__Problem statement__.
Pick out every line in the data below that holds "with".

(Records begins)

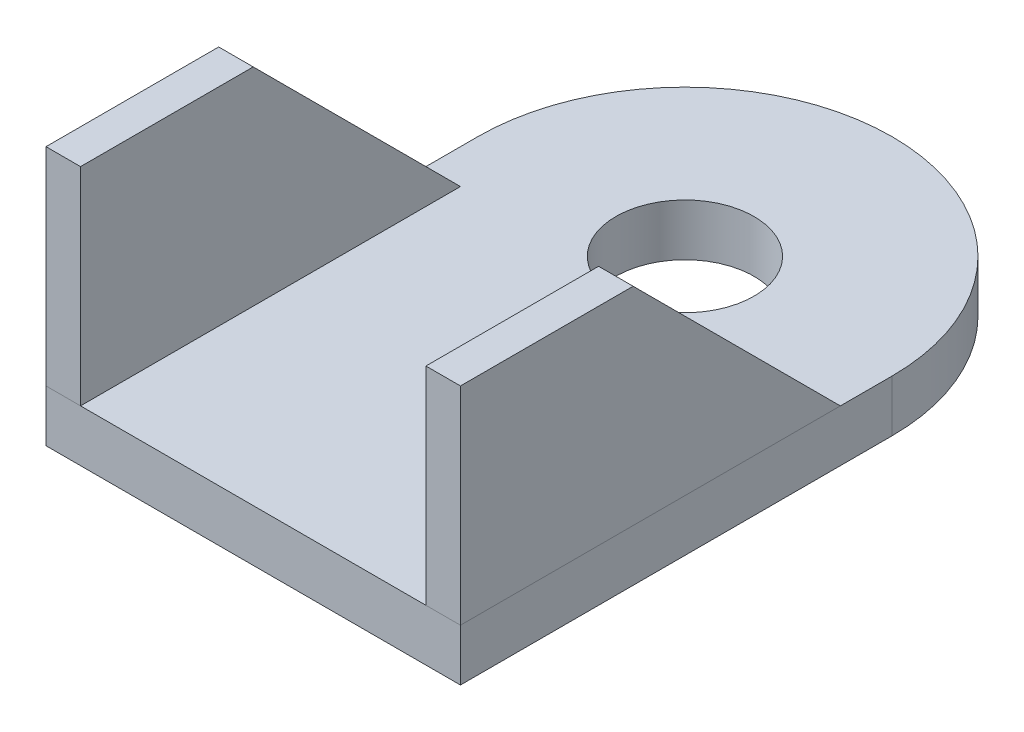
from build123d import *

# Parameters (mm, degrees)
SKETCH_1_R          = 12
SKETCH_1_R_2        = 4
EXTRUDE_1_DEPTH     = 3
EXTRUDE_2_DEPTH     = 2
BOSS_EXTRUDE1_START = -24
BOSS_EXTRUDE1_DEPTH = 2


with BuildPart() as part:
    # 草图1 → 凸台-拉伸1 (new body)
    # profile 1 of 2: a face of its own
    with BuildSketch(Plane(origin=(0, 0, 0), x_dir=(1, 0, 0), z_dir=(0, 1, 0))):
        Circle(SKETCH_1_R)
        with Locations(Location((0, 0, 0), (0, 0, 270))):
            Circle(SKETCH_1_R_2, mode=Mode.SUBTRACT)
    # profile 2 of 2: a face of its own
    with BuildSketch(Plane(origin=(0, 0, 0), x_dir=(1, 0, 0), z_dir=(0, 1, 0))):
        with BuildLine():
            ThreePointArc((12, 0), (0, -12), (-12, 0))
            Line((-12, 0), (-12, -25))
            Line((-12, -25), (12, -25))
            Line((12, -25), (12, 0))
        make_face()
    extrude(amount=EXTRUDE_1_DEPTH)


with BuildPart() as body_2:
    # 草图3 → 凸台-拉伸2 (new body)
    with BuildSketch(Plane(origin=(12, 0, 0), x_dir=(0, 0, -1), z_dir=(1, 0, 0))):
        Polygon((-25, 3), (-25, 15), (-15, 15), (-3, 3), align=None)
    extrude(amount=-EXTRUDE_2_DEPTH)


with BuildPart() as body_3:
    # 草图3<2> → Boss-Extrude1 (new body)
    with BuildSketch(Plane(origin=(12, 0, 0), x_dir=(0, 0, -1), z_dir=(1, 0, 0)).offset(BOSS_EXTRUDE1_START)):
        Polygon((-25, 3), (-25, 15), (-15, 15), (-3, 3), align=None)
    extrude(amount=BOSS_EXTRUDE1_DEPTH)


solid = Compound([part.part, body_2.part, body_3.part])

(Records ends)

__Finished exercise__.
with BuildPart() as part:
    with BuildSketch(Plane(origin=(0, 0, 0), x_dir=(1, 0, 0), z_dir=(0, 1, 0))):
        with Locations(Location((0, 0, 0), (0, 0, 270))):
    with BuildSketch(Plane(origin=(0, 0, 0), x_dir=(1, 0, 0), z_dir=(0, 1, 0))):
        with BuildLine():
with BuildPart() as body_2:
    with BuildSketch(Plane(origin=(12, 0, 0), x_dir=(0, 0, -1), z_dir=(1, 0, 0))):
with BuildPart() as body_3:
    with BuildSketch(Plane(origin=(12, 0, 0), x_dir=(0, 0, -1), z_dir=(1, 0, 0)).offset(BOSS_EXTRUDE1_START)):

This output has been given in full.